Task item —
Scan the entries below for the word "point" and copy every line in which it occurs.

Data provided —
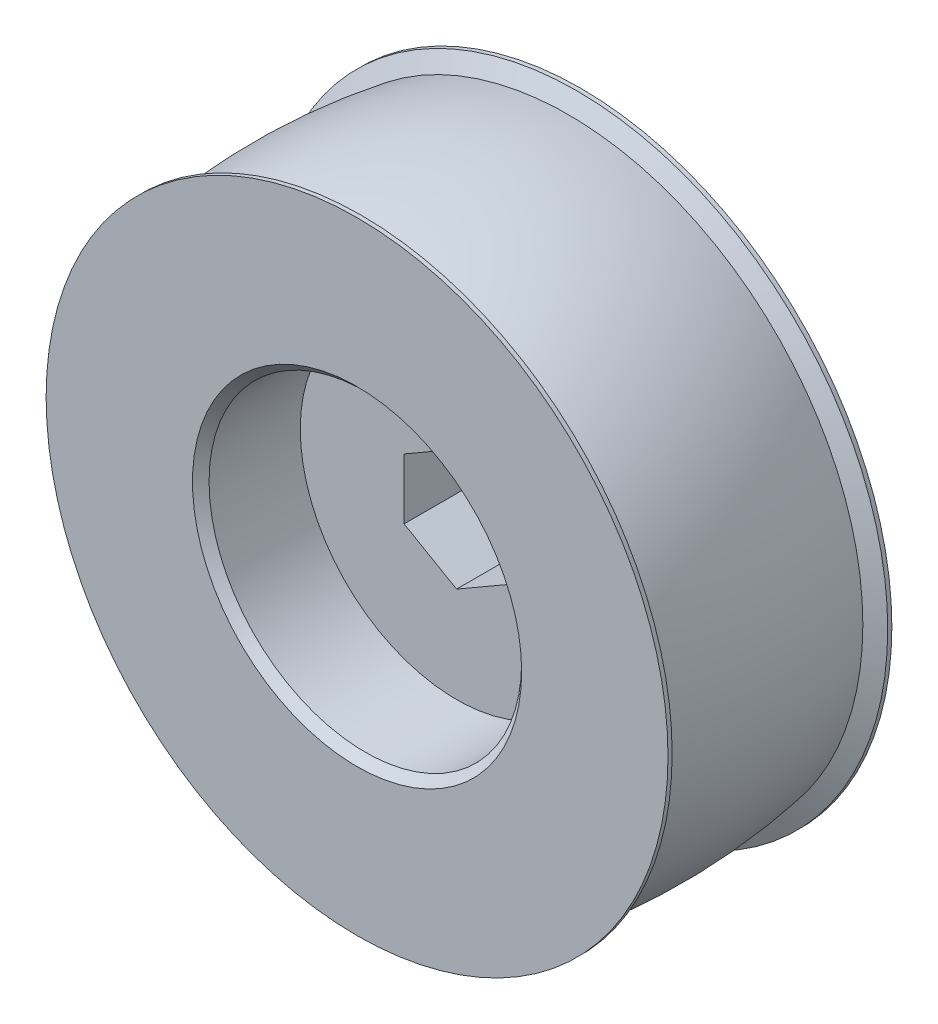
SolidWorks part; units mm, degrees
ref_plane "Plan de face" through (0, 0, 0) normal (0, 0, 1) x (1, 0, 0)
ref_plane "Plan de dessus" through (0, 0, 0) normal (0, 1, 0) x (1, 0, 0)
ref_plane "Plan de droite" through (0, 0, 0) normal (1, 0, 0) x (0, 0, -1)
sketch "Esquisse1" plane through (0, 0, 0) normal (0, 0, 1) x (1, 0, 0)
  circle A0 centre (0, 0) radius 2.15
  circle A1 centre (0, 0) radius 37.5
  dimension "D1" = 75
  dimension "D2" = 4.3
extrude "Boss.-Extru.1" add sketch "Esquisse1" along normal blind 15
sketch "Esquisse2" plane through (0, 0, 15) normal (0, 0, 1) x (1, 0, 0)
  circle A0 centre (0, 0) radius 37.5
  circle A1 centre (0, 0) radius 18.85
  circle A2 centre (0, 0) radius 37.5 construction
  dimension "D1" = 37.7
extrude "Boss.-Extru.2" add sketch "Esquisse2" along normal blind 12
sketch "Esquisse9" plane through (0, 0, 15) normal (0, 0, 1) x (1, 0, 0)
  line L0 (0, 0) -> (0, 14.607) construction
  line L1 (6.325, -3.6517) -> (6.325, 3.6517)
  line L2 (6.325, 3.6517) -> (0, 7.3035)
  line L3 (0, 7.3035) -> (-6.325, 3.6517)
  line L4 (-6.325, 3.6517) -> (-6.325, -3.6517)
  line L5 (-6.325, -3.6517) -> (0, -7.3035)
  line L6 (0, -7.3035) -> (6.325, -3.6517)
  circle A0 centre (0, 0) radius 6.325 construction
  dimension "D1" = 12.65
extrude "Enlèv. mat.-Extru.9" cut sketch "Esquisse9" against normal offset from surface (13 mm away) 2 up to face at (37.5, 0, 0)
chamfer "Chanfrein1" distance 1 angle 45 1 edges at (18.85, 0, 27)
sketch "Esquisse10" plane through (0, 0, 0) normal (1, 0, 0) x (0, 0, -1)
  line L0 (-26.5, 37.5) -> (-0.5, 37.5)
  line L1 (0, 37.5) -> (-27, 37.5) construction
  line L2 (-0.5, 37.5) -> (-1.5, 35.5)
  line L3 (-1.5, 35.5) -> (-25.5, 35.5) construction
  line L4 (-25.5, 35.5) -> (-26.5, 37.5)
  line L5 (-19.6787, 36.5) -> (-7.7815, 36.5) construction
  line L6 (0, 0) -> (-50.6564, 0) construction
  arc A0 (-25.5, 35.5) -> (-1.5, 35.5) centre (-13.5, -36) cw
  dimension "D6" = 1
  dimension "D1" = 2
  dimension "D2" = 0.5
  dimension "D3" = 0.5
  dimension "D4" = 1
  dimension "D5" = 1
revolve "Enlèvement de matière-Révolution1" cut sketch "Esquisse10" angle 360 about L6
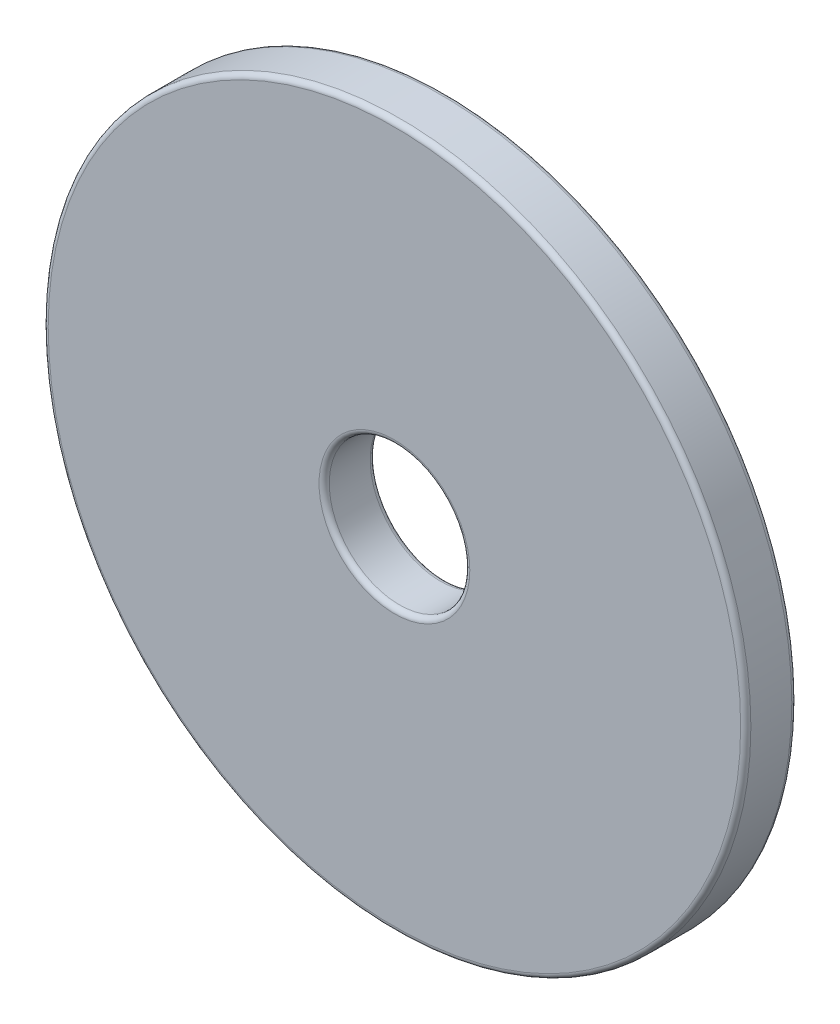
SolidWorks part; units mm, degrees
ref_plane "Front Plane" through (0, 0, 0) normal (0, 0, 1) x (1, 0, 0)
ref_plane "Top Plane" through (0, 0, 0) normal (0, 1, 0) x (1, 0, 0)
ref_plane "Right Plane" through (0, 0, 0) normal (1, 0, 0) x (0, 0, -1)
sketch "Sketch1" plane through (0, 0, 0) normal (0, 0, 1) x (1, 0, 0)
  circle A0 centre (0, 0) radius 1.5875
  circle A1 centre (0, 0) radius 7.9375
  point P4 (0, 7.9375)
  point P5 (0, 1.5875)
  point P6 (0, -1.5875)
  point P7 (1.5875, 0)
  point P8 (-1.5875, 0)
  dimension "OD" = 15.875
  dimension "ID" = 3.175
sketch "Sketch2" plane through (0, 0, 0) normal (1, 0, 0) x (0, 0, -1)
  line L1 (-0.5778, 7.9375) -> (0.5778, 7.9375)
  line L2 (-0.5778, 7.9375) -> (-0.5778, -7.9375)
  line L3 (-0.5778, -7.9375) -> (0.5778, -7.9375)
  line L4 (0.5778, 7.9375) -> (0.5778, -7.9375)
  point P4 (0, 7.9375)
  point P5 (0.5779, 0)
  dimension "Thickness Range" = 1.1557
sketch "Sketch3" plane through (0, 0, 0) normal (0, 0, 1) x (1, 0, 0)
  circle A0 centre (0, 0) radius 1.5875 construction
  circle A1 centre (0, 0) radius 7.9375 construction
  circle A2 centre (0, 0) radius 1.5875
  circle A3 centre (0, 0) radius 7.9375
extrude "Boss-Extrude1" add sketch "Sketch3" against normal up to vertex (0.5778 mm away) from vertex at 0.5778 starting at point (0, 7.9375, 0.5778)
fillet "Fillet1" radius 0.1156 4 edges at (1.5875, 0, 0.5778) (1.5875, 0, -0.5778) (7.9375, 0, 0.5778) (7.9375, 0, -0.5778)
equation "\"D1@Fillet1\"=\"Thickness Range@Sketch2\"*.1"
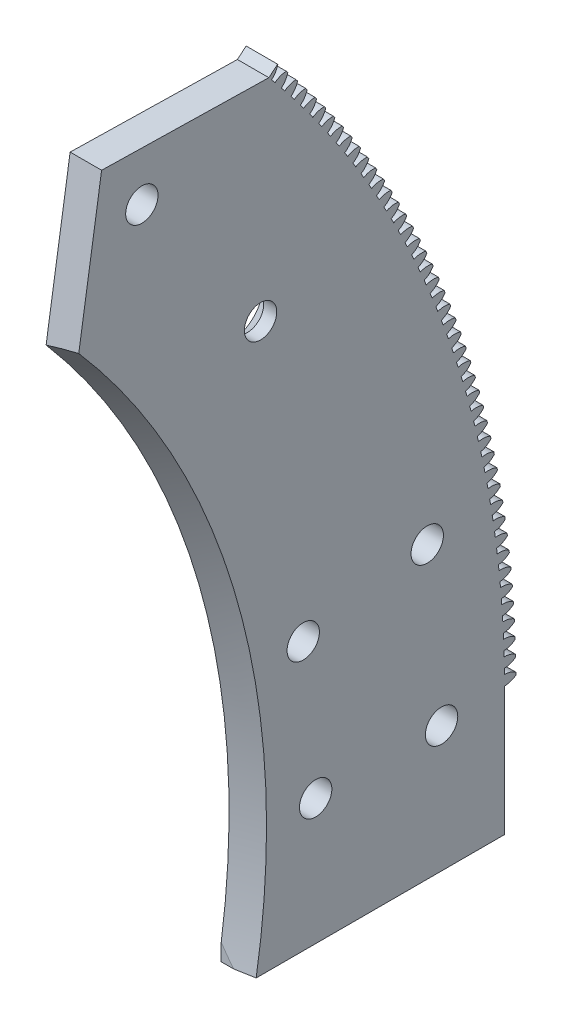
SolidWorks part; units mm, degrees
material "ABS"
ref_plane "Front Plane" through (0, 0, 0) normal (0, 0, 1) x (1, 0, 0)
ref_plane "Top Plane" through (0, 0, 0) normal (0, 1, 0) x (1, 0, 0)
ref_plane "Right Plane" through (0, 0, 0) normal (1, 0, 0) x (0, 0, -1)
ref_plane "Plane2" through (6.35, 0, 0) normal (1, 0, 0) x (0, 0, -1)
sketch "Sketch1" plane through (0, 0, 0) normal (1, 0, 0) x (0, 0, -1)
  line L0 (-1000, 0) -> (152.4, 0) construction
  line L1 (152.4, 0) -> (152.4, -25.4)
  line L2 (0, 0) -> (116.7452, 97.9608) construction
  line L4 (203.2, 0) -> (49000, 0) construction
  line L7 (152.4, -25.4) -> (203.2, -25.4)
  line L8 (203.2, 0) -> (203.2, -25.4)
  line L10 (-19.9245, -15.6845) -> (159.6649, 125.6875) construction
  line L61 (160.8976, 124.1056) -> (0, 0) construction
  line L62 (136.2027, 114.2876) -> (121.9167, 131.313) construction
  line L63 (116.7452, 97.9608) -> (121.9167, 131.313)
  line L67 (121.9167, 131.313) -> (155.6602, 130.6144)
  line L68 (0, 0) -> (35966.99, 34732.9185) construction
  line L69 (159.6736, 125.6943) -> (159.6985, 125.714) construction
  arc A2 (152.4, 0) -> (116.7452, 97.9608) centre (0, 0) ccw
  circle A19 centre (0, 0) radius 203.2 construction
  arc A22 (155.6602, 130.6144) -> (203.2, 0) centre (0, 0) cw
  point P6 (159.6985, 125.714)
  point P7 (116.7452, 97.9608)
  dimension "D1" = 152.4
  dimension "D2" = 6.35
  dimension "D12" = 406.4
  dimension "D3" = 40
  dimension "D4" = 50.8
  dimension "D5" = 25.4
  dimension "D11" = 22.225
  dimension "D13" = 44
sketch "Sketch2" plane through (6.35, 0, 0) normal (1, 0, 0) x (0, 0, -1)
  line L0 (0, 0) -> (165.1, 0) construction
  line L1 (165.1, 0) -> (190.5, 0) construction
  line L2 (0, 0) -> (49240.3877, 8682.4089) construction
  circle A0 centre (165.1, 0) radius 3.2639
  circle A1 centre (190.5, 0) radius 3.2639
  arc A3 (165.1, 0) -> (162.5918, 28.6693) centre (0, 0) ccw construction
  circle A4 centre (162.5918, 28.6693) radius 3.2639
  arc A5 (190.5, 0) -> (187.6059, 33.08) centre (0, 0) ccw construction
  circle A6 centre (187.6059, 33.08) radius 3.2639
  dimension "D3" = 6.5278
  dimension "D4" = 6.5278
  dimension "D6" = 6.5278
  dimension "D7" = 6.5278
  dimension "D1" = 165.1
  dimension "D2" = 25.4
  dimension "D5" = 10
sketch "Sketch3" plane through (6.35, 0, 0) normal (1, 0, 0) x (0, 0, -1)
  line L0 (0, 0) -> (114.3, 0) construction
  line L1 (0, 0) -> (153.9793, 88.9) construction
  circle A0 centre (153.9793, 88.9) radius 3.2639
  dimension "D4" = 6.5278
  dimension "D1" = 114.3
  dimension "D2" = 30
  dimension "D3" = 177.8
sketch "Sketch11" plane through (6.35, 0, 0) normal (1, 0, 0) x (0, 0, -1)
  line L0 (-785.502, -659.1144) -> (0, 0) construction
  line L2 (-1000, 0) -> (0, 0) construction
  line L3 (203.2, 0) -> (205.5, 0)
  line L4 (155.6602, 130.6144) -> (157.4221, 132.0929)
  line L5 (157.4221, 132.0929) -> (921.7047, 773.4021) construction
  line L6 (-1000, 0) -> (49000, 0) construction
  arc A0 (-230, 0) -> (-176.1902, -147.8412) centre (0, 0) ccw construction
  arc A1 (-205.5, 0) -> (-157.4221, -132.0929) centre (0, 0) ccw construction
  arc A2 (-203.1, 0) -> (-155.5836, -130.5502) centre (0, 0) ccw construction
  arc A3 (205.5, 0) -> (157.4221, 132.0929) centre (0, 0) ccw
  arc A4 (230, 0) -> (176.1902, 147.8412) centre (0, 0) ccw construction
  arc A5 (-203.1, 0) -> (-155.5836, -130.5502) centre (0, 0) ccw
  arc A6 (155.6602, 130.6144) -> (203.2, 0) centre (0, 0) cw
  dimension "D1" = 460
  dimension "D2" = 411
  dimension "D3" = 2.4
  dimension "D4" = 40
  dimension "D5" = 2.3
extrude "Boss-Extrude2" add sketch "Sketch11" against normal blind 6.35
extrude "Boss-Extrude3" add sketch "Sketch1" along normal blind 6.35
sketch "Sketch12" plane through (6.35, 0, 0) normal (1, 0, 0) x (0, 0, -1)
  line L0 (0, 0) -> (205.5, 0) construction
  line L1 (203.2, 0) -> (205.5, 0) construction
  line L2 (204.4985, 0.7854) -> (204.4985, -0.7854) construction
  line L3 (0, 0) -> (203.1992, 0.5545) construction
  line L4 (202.3406, 0) -> (206.4945, 1.5119) construction
  line L5 (0, 0) -> (206.4939, 1.5861) construction
  line L6 (204.4985, 0.7854) -> (204.4864, 2.3561) construction
  circle A0 centre (0, 0) radius 204.5 construction
  arc A1 (205.5, 0) -> (157.4221, 132.0929) centre (0, 0) ccw construction
  circle A2 centre (0, 0) radius 203.2 construction
  arc A3 (203.1992, 0.5545) -> (206.4856, 2.4358) centre (203.1888, 4.3838) ccw
  arc A4 (206.5, 0) -> (206.4856, -2.4358) centre (0, 0) cw
  arc A5 (203.1992, -0.5545) -> (206.4856, -2.4358) centre (203.1888, -4.3838) cw
  arc A6 (206.5, 0) -> (158.1882, 132.7356) centre (0, 0) ccw
  arc A7 (206.5, 0) -> (206.4856, 2.4358) centre (0, 0) ccw
  arc A8 (203.1992, 0.5545) -> (203.1992, -0.5545) centre (0, 0) cw
  dimension "D1" = 409
  dimension "D5" = 406.4
  dimension "D3" = 20
  dimension "D4" = 0.44
  dimension "D2" = 1
extrude "Cut-Extrude4" cut sketch "Sketch12" against normal blind 6.35
pattern_circular "CirPattern3" count 100 every 0.88 about axis through (0, 0, 0) along (1, 0, 0) of "Cut-Extrude4"
extrude "Cut-Extrude5" cut sketch "Sketch2" against normal blind 6.35
extrude "Cut-Extrude6" cut sketch "Sketch3" against normal blind 6.35
sketch "Sketch15" plane through (6.35, 0, 0) normal (1, 0, 0) x (0, 0, -1)
  line L0 (0, 0) -> (130.0347, 121.2593) construction
  line L1 (-196961.5506, -34729.6355) -> (246201.9383, 43412.0444) construction
  circle A0 centre (130.0347, 121.2593) radius 3.2639
  dimension "D3" = 6.5278
  dimension "D1" = 177.8
  dimension "D2" = 33
extrude "Cut-Extrude7" cut sketch "Sketch15" against normal through all
sketch "Sketch17" plane through (0, 0, 0) normal (-1, 0, 0) x (0, 0, 1)
  line L0 (0, 0) -> (-10825.3175, 6250) construction
  line L1 (0, 0) -> (-10825.3175, 6250) construction
sketch "Sketch18" plane through (6.35, 0, 0) normal (1, 0, 0) x (0, 0, -1)
  line L0 (0, 0) -> (10825.3175, 6250) construction
ref_plane "Plane1" through (0, 0, 0) normal (0, 0.866, 0.5) x (1, 0, 0)
sketch "Sketch19" plane through (0, 0, 0) normal (0, 0.866, 0.5) x (1, 0, 0)
  line L0 (0, 0) -> (0, 324.1975) construction
  line L1 (0, 177.8) -> (0, 170.815)
  line L2 (0, 177.8) -> (6.985, 177.8)
  line L3 (6.985, 177.8) -> (0, 170.815)
  point P3 (0, 177.8)
  dimension "D1" = 177.8
  dimension "D2" = 6.985
  dimension "D3" = 6.985
revolve "Cut-Revolve1" cut sketch "Sketch19" angle 360 about L2
sketch "Sketch21" plane through (0, 0, 0) normal (0, 1, 0) x (1, 0, 0)
  line L0 (0, 0) -> (25.4, 0) construction
  line L1 (25.4, 0) -> (25.4, 38.1) construction
  line L2 (0, 0) -> (-6.35, 0) construction
  line L3 (-6.35, 0) -> (-6.35, 152.4) construction
  line L4 (25.4, 38.1) -> (144.0278, 38.1)
  line L5 (25.4, 38.1) -> (-93.2278, 38.1)
  line L6 (-1006.35, 0) -> (48993.65, 0) construction
  arc A0 (144.0278, 38.1) -> (-93.2278, 38.1) centre (25.4, 38.1) ccw
  dimension "D1" = 25.4
  dimension "D2" = 38.1
  dimension "D3" = 6.35
  dimension "D4" = 152.4
revolve "Cut-Revolve2" cut sketch "Sketch21" angle 360 about L6
equation "\"Module\"= 1mm"
equation "\"Number of Teeth\"= 409"
equation "\"D1@Sketch12\"=\"Module\" * \"Number of Teeth\""
equation "\"D4@Sketch12\"=180 / \"Number of Teeth\""
equation "\"D2\"= 360 / \"Number of Teeth\""
equation "\"D2@Sketch11\"=( \"Number of Teeth\" + 2) * \"Module\""
equation "\"D2@CirPattern3\"= 360 / \"Number of Teeth\""

Answer below —
  point P4 (0, 7.9375)
  point P5 (0, 1.5875)
  point P6 (0, -1.5875)
  point P7 (1.5875, 0)
  point P8 (-1.5875, 0)
  point P4 (0, 7.9375)
  point P5 (0.5779, 0)
extrude "Boss-Extrude1" add sketch "Sketch3" against normal up to vertex (0.5778 mm away) from vertex at 0.5778 starting at point (0, 7.9375, 0.5778)
  point P6 (159.6985, 125.714)
  point P7 (116.7452, 97.9608)
  point P3 (0, 177.8)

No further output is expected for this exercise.